#### Input data

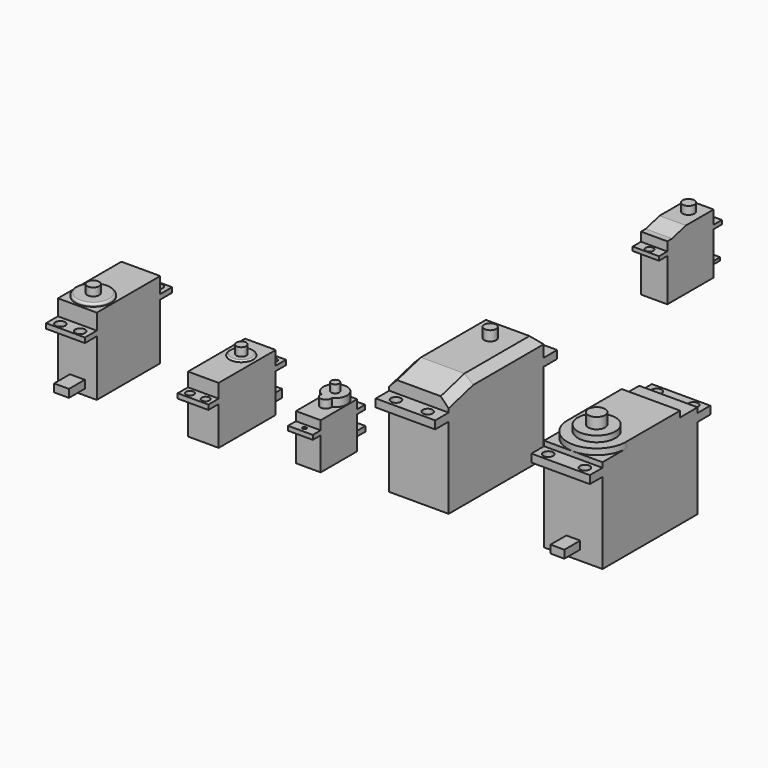
from build123d import *

# Parameters (mm, degrees)
F0_W      = 19.6
F0_H      = 40.05
F1_DEPTH  = 28.3
F2_W      = 19.6
F2_H      = 40.05
F3_DEPTH  = 10.5
F2_H_2    = 7.5
F2_R      = 2.5
F4_DEPTH  = 2.5
F5_R      = 9
F6_DEPTH  = 1.5
F7_R      = 1
F8_R      = 3
F9_DEPTH  = 4
F10_W     = 7.5
F10_H     = 4
F11_DEPTH = 10
F12_W     = 15.5
F12_H     = 36
F13_DEPTH = 19.5
F14_W     = 15.5
F14_H     = 36
F14_H_2   = 6.5
F14_R     = 2
F15_DEPTH = 2.4
F16_W     = 15.5
F16_H     = 36
F17_DEPTH = 7
F18_R     = 6
F19_DEPTH = 0.65
F21_R     = 2.5
F22_DEPTH = 4.2
F23_W     = 6
F23_H     = 4
F24_DEPTH = 10
F25_W     = 12.5
F25_H     = 23
F26_DEPTH = 16.5
F27_W     = 12.5
F27_H     = 5
F27_R     = 1
F27_H_2   = 23
F28_DEPTH = 2.2
F29_W     = 12.5
F29_H     = 23
F30_DEPTH = 4.5
F32_DEPTH = 4
F33_R     = 2
F34_DEPTH = 4
F35_W     = 5
F35_H     = 2.5
F36_DEPTH = 10
F38_DEPTH = 13.3
F39_R     = 3
F40_DEPTH = 4
F41_R     = 2
F42_DEPTH = 34.3511621783
F43_W     = 4
F43_H     = 1.5
F44_DEPTH = 10
F45_W     = 30
F45_H     = 60
F46_DEPTH = 41
F47_W     = 30
F47_H     = 60
F48_DEPTH = 14
F47_H_2   = 8.5
F47_R     = 2.5
F49_DEPTH = 4
F50_R     = 3
F51_DEPTH = 5
F52_SIZE2 = 4
F52_SIZE  = 15
F53_SIZE  = 4
F54_W     = 8
F54_H     = 5
F55_DEPTH = 10
F56_W     = 29.5
F56_H     = 60
F57_DEPTH = 41
F58_W     = 29.5
F58_H     = 60
F59_DEPTH = 6.5
F58_H_2   = 8
F58_R     = 2.5
F60_DEPTH = 4
F62_DEPTH = 3
F63_R     = 9.5
F64_DEPTH = 3
F65_R     = 4.25
F66_DEPTH = 5.5
F67_W     = 7
F67_H     = 4
F68_DEPTH = 10


# Not quite as in the source:
# - a fillet or chamfer that OpenCascade refuses, or shapes differently, is made with other operations: its cross-section is extruded or revolved along the edge and cut away or added


with BuildPart() as f1:
    # F0 (on Top) → F1 (new body)
    with BuildSketch(Plane.XY):
        with Locations((-134.1864168644, -61.3061293165)):
            Rectangle(F0_W, F0_H)
    extrude(amount=F1_DEPTH)

    # F2 (on face) → F3 (join)
    with BuildSketch(Plane.XY.offset(28.3)):
        with Locations((-134.1864168644, -61.3061293165)):
            Rectangle(F2_W, F2_H)
    extrude(amount=F3_DEPTH)

    # F2 (on face) → F4 (join)
    with BuildSketch(Plane.XY.offset(28.3)):
        with Locations((-134.1864168644, -37.5311293165)):
            Rectangle(F2_W, F2_H_2)
        with Locations((-139.1864168644, -36.7811293165)):
            Circle(F2_R, mode=Mode.SUBTRACT)
        with Locations((-129.1864168644, -36.7811293165)):
            Circle(F2_R, mode=Mode.SUBTRACT)
        with Locations((-134.1864168644, -85.0811293165)):
            Rectangle(F2_W, F2_H_2)
        with Locations((-139.1864168644, -85.8311293165)):
            Circle(F2_R, mode=Mode.SUBTRACT)
        with Locations((-129.1864168644, -85.8311293165)):
            Circle(F2_R, mode=Mode.SUBTRACT)
    extrude(amount=F4_DEPTH)

    # F5 (on face) → F6 (join)
    with BuildSketch(Plane.XY.offset(38.8)):
        with Locations((-134.1864168644, -71.3311293165)):
            Circle(F5_R)
    extrude(amount=F6_DEPTH)

    # F7
    f7_edges = [f1.edges().sort_by_distance(p)[0] for p in [
        (-143.186417, -71.331129, 40.3),
    ]]
    fillet(f7_edges, radius=F7_R)

    # F8 (on face) → F9 (join)
    with BuildSketch(Plane.XY.offset(40.3)):
        with Locations((-134.1864168644, -71.3311293165)):
            Circle(F8_R)
    extrude(amount=F9_DEPTH)

    # F10 (on face) → F11 (join)
    with BuildSketch(Plane.XZ.offset(81.3311293165)):
        with Locations((-134.1864168644, 5)):
            Rectangle(F10_W, F10_H)
    extrude(amount=F11_DEPTH)


with BuildPart() as f13:
    # F12 (on Top) → F13 (new body)
    with BuildSketch(Plane.XY):
        with Locations((-69.018992722, -65.2875445485)):
            Rectangle(F12_W, F12_H)
    extrude(amount=F13_DEPTH)

    # F14 (on face) → F15 (join)
    with BuildSketch(Plane.XY.offset(19.5)):
        with Locations((-69.018992722, -65.2875445485)):
            Rectangle(F14_W, F14_H)
        with Locations((-69.018992722, -86.5375445485)):
            Rectangle(F14_W, F14_H_2)
        with Locations((-72.968992722, -86.7875445485)):
            Circle(F14_R, mode=Mode.SUBTRACT)
        with Locations((-65.068992722, -86.7875445485)):
            Circle(F14_R, mode=Mode.SUBTRACT)
        with Locations((-69.018992722, -44.0375445485)):
            Rectangle(F14_W, F14_H_2)
        with Locations((-72.968992722, -44.2875445485)):
            Circle(F14_R, mode=Mode.SUBTRACT)
        with Locations((-65.068992722, -44.2875445485)):
            Circle(F14_R, mode=Mode.SUBTRACT)
    extrude(amount=F15_DEPTH)

    # F16 (on face) → F17 (join)
    with BuildSketch(Plane.XY.offset(21.9)):
        with Locations((-69.018992722, -65.2875445485)):
            Rectangle(F16_W, F16_H)
    extrude(amount=F17_DEPTH)

    # F18 (on face) → F19 (join)
    with BuildSketch(Plane.XY.offset(28.9)):
        with Locations((-69.018992722, -59.2875445485)):
            Circle(F18_R)
    extrude(amount=F19_DEPTH)

    # F20: fillet of radius 1 on 1 edges, made by hand

    # F20_s1 → F20_t2 (revolve, cut)
    with BuildSketch(Plane.XZ.offset(59.2875445485)):
        with BuildLine():
            ThreePointArc((-63.018992722, 28.9), (-63.3856547092, 29.3715838363), (-63.9557424218, 29.55))
            Line((-63.9557424218, 29.55), (-63.018992722, 29.55))
            Line((-63.018992722, 29.55), (-63.018992722, 28.9))
        make_face()
    revolve(axis=Axis((-69.018992722, -59.2875445485, 29.55), (0, 0, 1)), mode=Mode.SUBTRACT)

    # F21 (on face) → F22 (join)
    with BuildSketch(Plane.XY.offset(29.55)):
        with Locations((-69.018992722, -59.2875445485)):
            Circle(F21_R)
    extrude(amount=F22_DEPTH)

    # F23 (on face) → F24 (join)
    with BuildSketch(Plane(origin=(0, -47.2875445485, 0), x_dir=(-1, 0, 0), z_dir=(0, 1, 0))):
        with Locations((69.018992722, 4)):
            Rectangle(F23_W, F23_H)
    extrude(amount=F24_DEPTH)


with BuildPart() as f26:
    # F25 (on Top) → F26 (new body)
    with BuildSketch(Plane.XY):
        with Locations((-23.0503879488, -63.0053216815)):
            Rectangle(F25_W, F25_H)
    extrude(amount=F26_DEPTH)

    # F27 (on face) → F28 (join)
    with BuildSketch(Plane.XY.offset(16.5)):
        with Locations((-23.0503879488, -77.0053216815)):
            Rectangle(F27_W, F27_H)
        with Locations((-23.0503879488, -77.0053216815)):
            Circle(F27_R, mode=Mode.SUBTRACT)
        with Locations((-23.0503879488, -63.0053216815)):
            Rectangle(F27_W, F27_H_2)
        with Locations((-23.0503879488, -49.0053216815)):
            Rectangle(F27_W, F27_H)
        with Locations((-23.0503879488, -49.0053216815)):
            Circle(F27_R, mode=Mode.SUBTRACT)
    extrude(amount=F28_DEPTH)

    # F29 (on face) → F30 (join)
    with BuildSketch(Plane.XY.offset(18.7)):
        with Locations((-23.0503879488, -63.0053216815)):
            Rectangle(F29_W, F29_H)
    extrude(amount=F30_DEPTH)

    # F31 (on face) → F32 (join)
    with BuildSketch(Plane.XY.offset(23.2)):
        with BuildLine():
            ThreePointArc((-25.6349635825, -62.9201133482), (-23.0503879488, -66.1553216815), (-20.465812315, -62.9201133482))
            ThreePointArc((-20.465812315, -62.9201133482), (-17.1985185893, -56.1803216815), (-23.0503879488, -51.5053216815))
            ThreePointArc((-23.0503879488, -51.5053216815), (-28.9022573082, -56.1803216815), (-25.6349635825, -62.9201133482))
        make_face()
    extrude(amount=F32_DEPTH)

    # F33 (on face) → F34 (join)
    with BuildSketch(Plane.XY.offset(27.2)):
        with Locations((-23.0503879488, -57.5053216815)):
            Circle(F33_R)
    extrude(amount=F34_DEPTH)

    # F35 (on face) → F36 (join)
    with BuildSketch(Plane(origin=(0, -51.5053216815, 0), x_dir=(-1, 0, 0), z_dir=(0, 1, 0))):
        with Locations((23.0503879488, 4.75)):
            Rectangle(F35_W, F35_H)
    extrude(amount=F36_DEPTH)


with BuildPart() as f38:
    # F37 (on Right) → F38 (new body)
    with BuildSketch(Plane.YZ):
        Polygon((106.6633449197, 32.3501621783), (106.6633449197, 10.8501621783), (135.8633449197, 10.8501621783), (135.8633449197, 32.3501621783), (141.1133449197, 32.3501621783), (141.1133449197, 34.3501621783), (135.8633449197, 34.3501621783), (135.8633449197, 41.1501621783), (118.3633449197, 41.1501621783), (109.6633449197, 38.8501621783), (106.6633449197, 38.8501621783), (106.6633449197, 34.3501621783), (101.4133449197, 34.3501621783), (101.4133449197, 32.3501621783), align=None)
    extrude(amount=F38_DEPTH)

    # F39 (on face) → F40 (join)
    with BuildSketch(Plane.XY.offset(41.1501621783)):
        with Locations((6.65, 128.3633449197)):
            Circle(F39_R)
    extrude(amount=F40_DEPTH)

    # F41 (on face) → F42 (cut, through all)
    with BuildSketch(Plane.XY.offset(34.3501621783)):
        with Locations((6.65, 103.6633449197)):
            Circle(F41_R)
        with Locations((6.65, 138.8633449197)):
            Circle(F41_R)
    extrude(amount=-F42_DEPTH, mode=Mode.SUBTRACT)

    # F43 (on face) → F44 (join)
    with BuildSketch(Plane(origin=(0, 135.8633449197, 0), x_dir=(-1, 0, 0), z_dir=(0, 1, 0))):
        with Locations((-6.65, 13.6001621783)):
            Rectangle(F43_W, F43_H)
    extrude(amount=F44_DEPTH)


with BuildPart() as f46:
    # F45 (on Top) → F46 (new body)
    with BuildSketch(Plane.XY):
        with Locations((29.7119686007, -40.6373527646)):
            Rectangle(F45_W, F45_H)
    extrude(amount=F46_DEPTH)

    # F47 (on face) → F48 (join)
    with BuildSketch(Plane.XY.offset(41)):
        with Locations((29.7119686007, -40.6373527646)):
            Rectangle(F47_W, F47_H)
    extrude(amount=F48_DEPTH)

    # F47 (on face) → F49 (join)
    with BuildSketch(Plane.XY.offset(41)):
        with Locations((29.7119686007, -74.8873527646)):
            Rectangle(F47_W, F47_H_2)
        with Locations((21.7119686007, -75.1373527646)):
            Circle(F47_R, mode=Mode.SUBTRACT)
        with Locations((37.7119686007, -75.1373527646)):
            Circle(F47_R, mode=Mode.SUBTRACT)
        with Locations((29.7119686007, -6.3873527646)):
            Rectangle(F47_W, F47_H_2)
        with Locations((21.7119686007, -6.1373527646)):
            Circle(F47_R, mode=Mode.SUBTRACT)
        with Locations((37.7119686007, -6.1373527646)):
            Circle(F47_R, mode=Mode.SUBTRACT)
    extrude(amount=F49_DEPTH)

    # F50 (on face) → F51 (join)
    with BuildSketch(Plane.XY.offset(55)):
        with Locations((29.7119686007, -25.6373527646)):
            Circle(F50_R)
    extrude(amount=F51_DEPTH)

    # F52
    f52_edges = [f46.edges().sort_by_distance(p)[0] for p in [
        (29.711969, -70.637353, 55),
    ]]
    f52_side = f46.faces().sort_by_distance((29.711969, -40.876732, 55))[0]
    chamfer(f52_edges, length=F52_SIZE, length2=F52_SIZE2, reference=f52_side)

    # F53
    f53_edges = [f46.edges().sort_by_distance(p)[0] for p in [
        (44.711969, -63.137353, 53),
        (44.711969, -33.137353, 55),
        (29.711969, -10.637353, 55),
        (14.711969, -33.137353, 55),
        (14.711969, -63.137353, 53),
    ]]
    chamfer(f53_edges, length=F53_SIZE)

    # F54 (on face) → F55 (join)
    with BuildSketch(Plane(origin=(0, -10.6373527646, 0), x_dir=(-1, 0, 0), z_dir=(0, 1, 0))):
        with Locations((-29.7119686007, 6.5)):
            Rectangle(F54_W, F54_H)
    extrude(amount=F55_DEPTH)


with BuildPart() as f57:
    # F56 (on Top) → F57 (new body)
    with BuildSketch(Plane.XY):
        with Locations((106.7800781727, -39.5376843214)):
            Rectangle(F56_W, F56_H)
    extrude(amount=F57_DEPTH)

    # F58 (on face) → F59 (join)
    with BuildSketch(Plane.XY.offset(41)):
        with Locations((106.7800781727, -39.5376843214)):
            Rectangle(F58_W, F58_H)
    extrude(amount=F59_DEPTH)

    # F58 (on face) → F60 (join)
    with BuildSketch(Plane.XY.offset(41)):
        with Locations((106.7800781727, -73.5376843214)):
            Rectangle(F58_W, F58_H_2)
        with Locations((97.5300781727, -73.7876843214)):
            Circle(F58_R, mode=Mode.SUBTRACT)
        with Locations((116.0300781727, -73.7876843214)):
            Circle(F58_R, mode=Mode.SUBTRACT)
        with Locations((106.7800781727, -5.5376843214)):
            Rectangle(F58_W, F58_H_2)
        with Locations((97.5300781727, -5.2876843214)):
            Circle(F58_R, mode=Mode.SUBTRACT)
        with Locations((116.0300781727, -5.2876843214)):
            Circle(F58_R, mode=Mode.SUBTRACT)
    extrude(amount=F60_DEPTH)

    # F61 (on face) → F62 (join)
    with BuildSketch(Plane.XY.offset(47.5)):
        with BuildLine():
            Line((92.0300781727, -20.5376843214), (92.0300781727, -54.7876843214))
            ThreePointArc((92.0300781727, -54.7876843214), (96.3502531502, -65.2175093439), (106.7800781727, -69.5376843214))
            ThreePointArc((106.7800781727, -69.5376843214), (117.2099031952, -65.2175093439), (121.5300781727, -54.7876843214))
            Line((121.5300781727, -54.7876843214), (121.5300781727, -20.5376843214))
            Line((121.5300781727, -20.5376843214), (92.0300781727, -20.5376843214))
        make_face()
    extrude(amount=F62_DEPTH)

    # F63 (on face) → F64 (join)
    with BuildSketch(Plane.XY.offset(50.5)):
        with Locations((106.7800781727, -54.7876843214)):
            Circle(F63_R)
    extrude(amount=F64_DEPTH)

    # F65 (on face) → F66 (join)
    with BuildSketch(Plane.XY.offset(53.5)):
        with Locations((106.7800781727, -54.7876843214)):
            Circle(F65_R)
    extrude(amount=F66_DEPTH)

    # F67 (on face) → F68 (join)
    with BuildSketch(Plane.XZ.offset(69.5376843214)):
        with Locations((106.7800781727, 7)):
            Rectangle(F67_W, F67_H)
    extrude(amount=F68_DEPTH)


solid = Compound([f1.part, f13.part, f26.part, f38.part, f46.part, f57.part])

#### Exercise requirements
Pictures excluded, repeat the material above from its first line through the line containing "# Not quite", both included.

#### Task output
from build123d import *

# Parameters (mm, degrees)
F0_W      = 19.6
F0_H      = 40.05
F1_DEPTH  = 28.3
F2_W      = 19.6
F2_H      = 40.05
F3_DEPTH  = 10.5
F2_H_2    = 7.5
F2_R      = 2.5
F4_DEPTH  = 2.5
F5_R      = 9
F6_DEPTH  = 1.5
F7_R      = 1
F8_R      = 3
F9_DEPTH  = 4
F10_W     = 7.5
F10_H     = 4
F11_DEPTH = 10
F12_W     = 15.5
F12_H     = 36
F13_DEPTH = 19.5
F14_W     = 15.5
F14_H     = 36
F14_H_2   = 6.5
F14_R     = 2
F15_DEPTH = 2.4
F16_W     = 15.5
F16_H     = 36
F17_DEPTH = 7
F18_R     = 6
F19_DEPTH = 0.65
F21_R     = 2.5
F22_DEPTH = 4.2
F23_W     = 6
F23_H     = 4
F24_DEPTH = 10
F25_W     = 12.5
F25_H     = 23
F26_DEPTH = 16.5
F27_W     = 12.5
F27_H     = 5
F27_R     = 1
F27_H_2   = 23
F28_DEPTH = 2.2
F29_W     = 12.5
F29_H     = 23
F30_DEPTH = 4.5
F32_DEPTH = 4
F33_R     = 2
F34_DEPTH = 4
F35_W     = 5
F35_H     = 2.5
F36_DEPTH = 10
F38_DEPTH = 13.3
F39_R     = 3
F40_DEPTH = 4
F41_R     = 2
F42_DEPTH = 34.3511621783
F43_W     = 4
F43_H     = 1.5
F44_DEPTH = 10
F45_W     = 30
F45_H     = 60
F46_DEPTH = 41
F47_W     = 30
F47_H     = 60
F48_DEPTH = 14
F47_H_2   = 8.5
F47_R     = 2.5
F49_DEPTH = 4
F50_R     = 3
F51_DEPTH = 5
F52_SIZE2 = 4
F52_SIZE  = 15
F53_SIZE  = 4
F54_W     = 8
F54_H     = 5
F55_DEPTH = 10
F56_W     = 29.5
F56_H     = 60
F57_DEPTH = 41
F58_W     = 29.5
F58_H     = 60
F59_DEPTH = 6.5
F58_H_2   = 8
F58_R     = 2.5
F60_DEPTH = 4
F62_DEPTH = 3
F63_R     = 9.5
F64_DEPTH = 3
F65_R     = 4.25
F66_DEPTH = 5.5
F67_W     = 7
F67_H     = 4
F68_DEPTH = 10


# Not quite as in the source:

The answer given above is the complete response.